● What you are asked to do: Show each line from the listing that includes the word "constraint".

%%

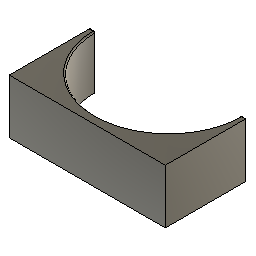
wheel_stop (Autodesk Fusion 360 design; units mm, degrees)
Autodesk Fusion 360 part; units mm, degrees
sketch "Sketch1" plane through (0, 0, 0) normal (0, 0, 1) x (1, 0, 0)
  line L0 (0, 0) -> (-230, 0)
  line L1 (-230, 0) -> (-230, 120)
  line L2 (-230, 120) -> (0, 120)
  line L3 (0, 120) -> (0, 0)
  dimension "d1" = 120
  dimension "d2" = 230
  constraint horizontal L0
  constraint vertical L1
  constraint horizontal L2
  constraint vertical L3
  constraint coincident L0.start L3.end
  measures "d1" distance of L0.start L2.end
  measures "d2" distance of L0.start L0.end
extrude "Extrude1" add sketch "Sketch1" along normal blind 80
sketch "Sketch2" plane through (0, 0, 80) normal (0, 0, 1) x (-1, 0, 0)
  line L0 (0, -120) -> (230, -120)
  line L1 (230, -120) -> (230, 0)
  line L2 (230, 0) -> (0, 0)
  line L3 (0, 0) -> (0, -120)
  circle A0 centre (115, -120) radius 107.5
  dimension "d5" = 215
  constraint midpoint L0 A0.centre
  measures "d5" diameter of A0
extrude "Extrude2" cut sketch "Sketch2" against normal blind 170 contours L0 A0 picked at (128.0914, -86.6437)
fillet "Fillet1" radius 2 10 edges at (-222.5, 120, 40) (-230, 120, 40) (-7.5, 120, 40) (0, 120, 40) (-115, 12.5, 80) (-115, 12.5, 0) (-3.75, 120, 80) (-3.75, 120, 0) (-226.25, 120, 80) (-226.25, 120, 0)

%%

● Exercise result:
  constraint horizontal L0
  constraint vertical L1
  constraint horizontal L2
  constraint vertical L3
  constraint coincident L0.start L3.end
  constraint midpoint L0 A0.centre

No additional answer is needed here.